SG Bremen - 17.10.2019 - AZ: S 39 AY 35/18

LSG Niedersachsen-Bremen - 01.06.2023 - AZ: L 8 AY 47/19

Rechtsgrundlage:

§ 160 Abs 2 Nr 2 SGG

BSG, 11.01.2024 - B 8 AY 5/23 B

Redaktioneller Leitsatz:

Bei dem Antrag auf Beanspruchung von ALG II-Leistungen ist das Einkommen entsprechend anzurechnen. Bei Einkommen aus selbständiger Arbeit sind die Betriebseinnahmen zugrunde zu legen. Beiträge zum Versorgungswert stellen keine Betriebsausgaben dar. Sie sind nicht als Pflichtbeiträge zur Sozialversicherung i.S.d. §§ 11b Abs. 1 S. 1 Nr. 1 SGB II anzusehen. Sie stellen wie die Fahrkosten vom Grundfreibetrag abgedeckte Absetzpositionen dar.
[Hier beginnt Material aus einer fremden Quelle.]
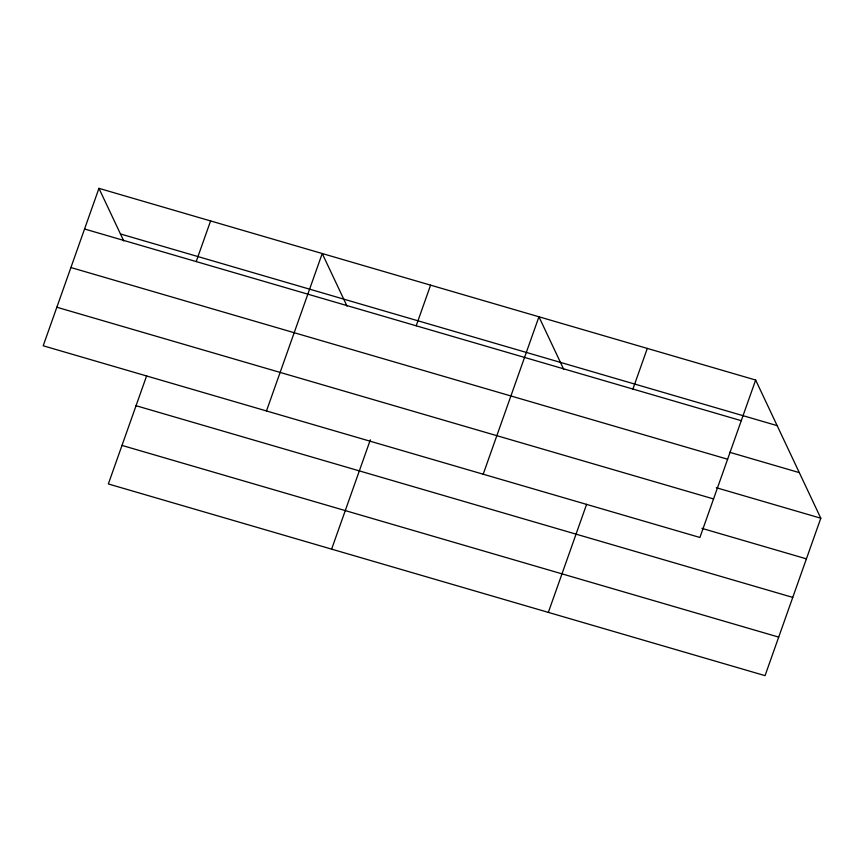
<?xml version="1.0" encoding="UTF-8"?>
<svg xmlns="http://www.w3.org/2000/svg" width="864" height="864" viewBox="0 0 864 864"><rect width="100%" height="100%" fill="white"/><g stroke="black" fill="none" stroke-linecap="round" stroke-linejoin="round"><path stroke-width="1.3" d="M98.95 188.352L43.2 345.784L699.905 537.473L755.654 380.041L98.95 188.352L123.768 240.991M146.621 375.872L108.346 483.959L765.05 675.648L820.8 518.216L755.654 380.041M196.193 261.576L210.589 220.936M266.479 410.962L322.229 253.519L347.047 306.169M331.625 549.137L370.343 439.798M416.2 325.793L430.585 285.152M483.192 474.217L538.942 316.786L563.76 369.425M548.338 612.392L586.613 504.306M632.912 389.059L647.298 348.408M120.452 233.95L777.157 425.639M84.553 228.992L741.269 420.682M729.648 452.282L799.308 472.619M70.913 267.538L727.618 459.227M716.31 487.717L820.8 518.216M56.851 307.238L713.556 498.938M701.924 528.358L806.404 558.857M136.048 405.713L792.763 597.402M121.986 445.414L778.702 637.114"/></g></svg>
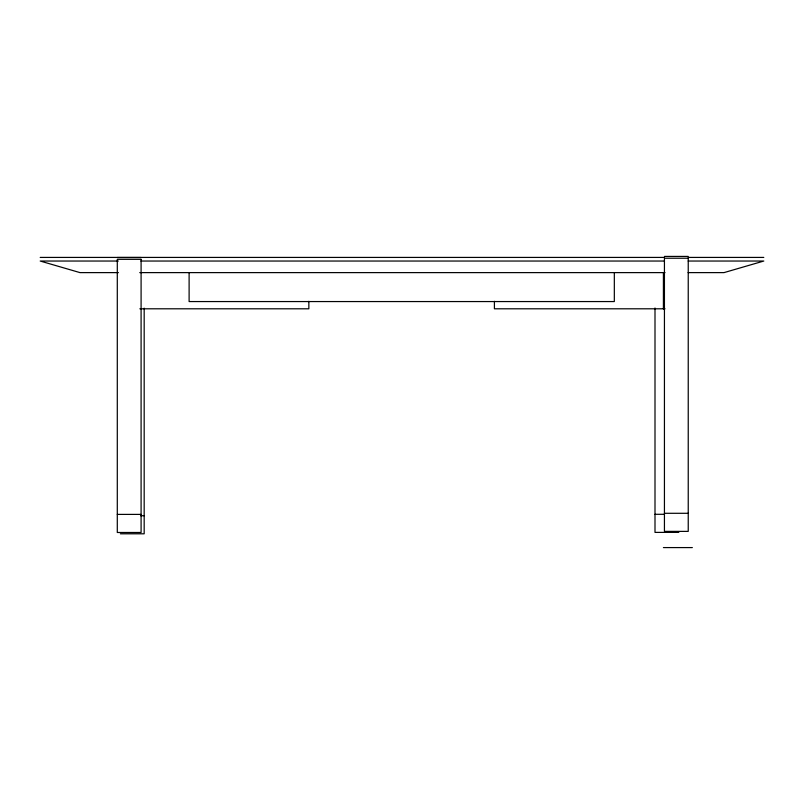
<?xml version="1.0" encoding="UTF-8"?>
<svg xmlns="http://www.w3.org/2000/svg" width="804" height="804" viewBox="0 0 804 804"><rect width="100%" height="100%" fill="white"/><g stroke="black" fill="none" stroke-linecap="round" stroke-linejoin="round"><path stroke-width="1.21" d="M664.436 256.416L688.234 256.416M40.2 257.421L664.345 257.421M688.194 257.421L763.8 257.421M117.294 257.521L141.092 257.521M118.319 261.039L40.2 261.039L79.998 272.616L118.409 272.616M140.911 261.039L664.345 261.039M688.194 261.039L763.8 261.039L724.002 272.616L688.103 272.616M139.745 272.616L665.009 272.616M139.846 308.796L308.847 308.796L308.847 301.319M665.009 308.796L494.41 308.796L494.41 301.319M664.436 513.294L688.234 513.294M117.294 514.399L141.092 514.399M654.999 514.299L663.823 514.299M140.69 515.716L144.177 515.716M678.797 532.389L654.999 532.389L654.999 307.992M120.379 533.806L144.177 533.806L144.177 308.153M663.411 547.584L692.355 547.584M663.823 272.616L663.823 308.796M663.662 272.616L663.662 308.796M663.411 272.616L663.411 308.796M614.326 272.616L614.326 301.56L189.111 301.56L189.111 272.616M688.234 258.225L664.436 258.225L664.436 531.384L688.234 531.384L688.234 258.225M141.092 259.33L117.294 259.33L117.294 532.489L141.092 532.489L141.092 259.33"/></g></svg>

Der 8. Senat des Bundessozialgerichts hat am 11. Januar 2024 durch die Vorsitzende Richterin Krauß sowie die Richter Prof. Dr. Bieresborn und Stäbler
beschlossen:

Tenor:

Die Beschwerden der Kläger gegen die Nichtzulassung des Revision im Urteil des Landessozialgerichts Niedersachsen-Bremen vom 1. Juni 2023 werden als unzulässig verworfen.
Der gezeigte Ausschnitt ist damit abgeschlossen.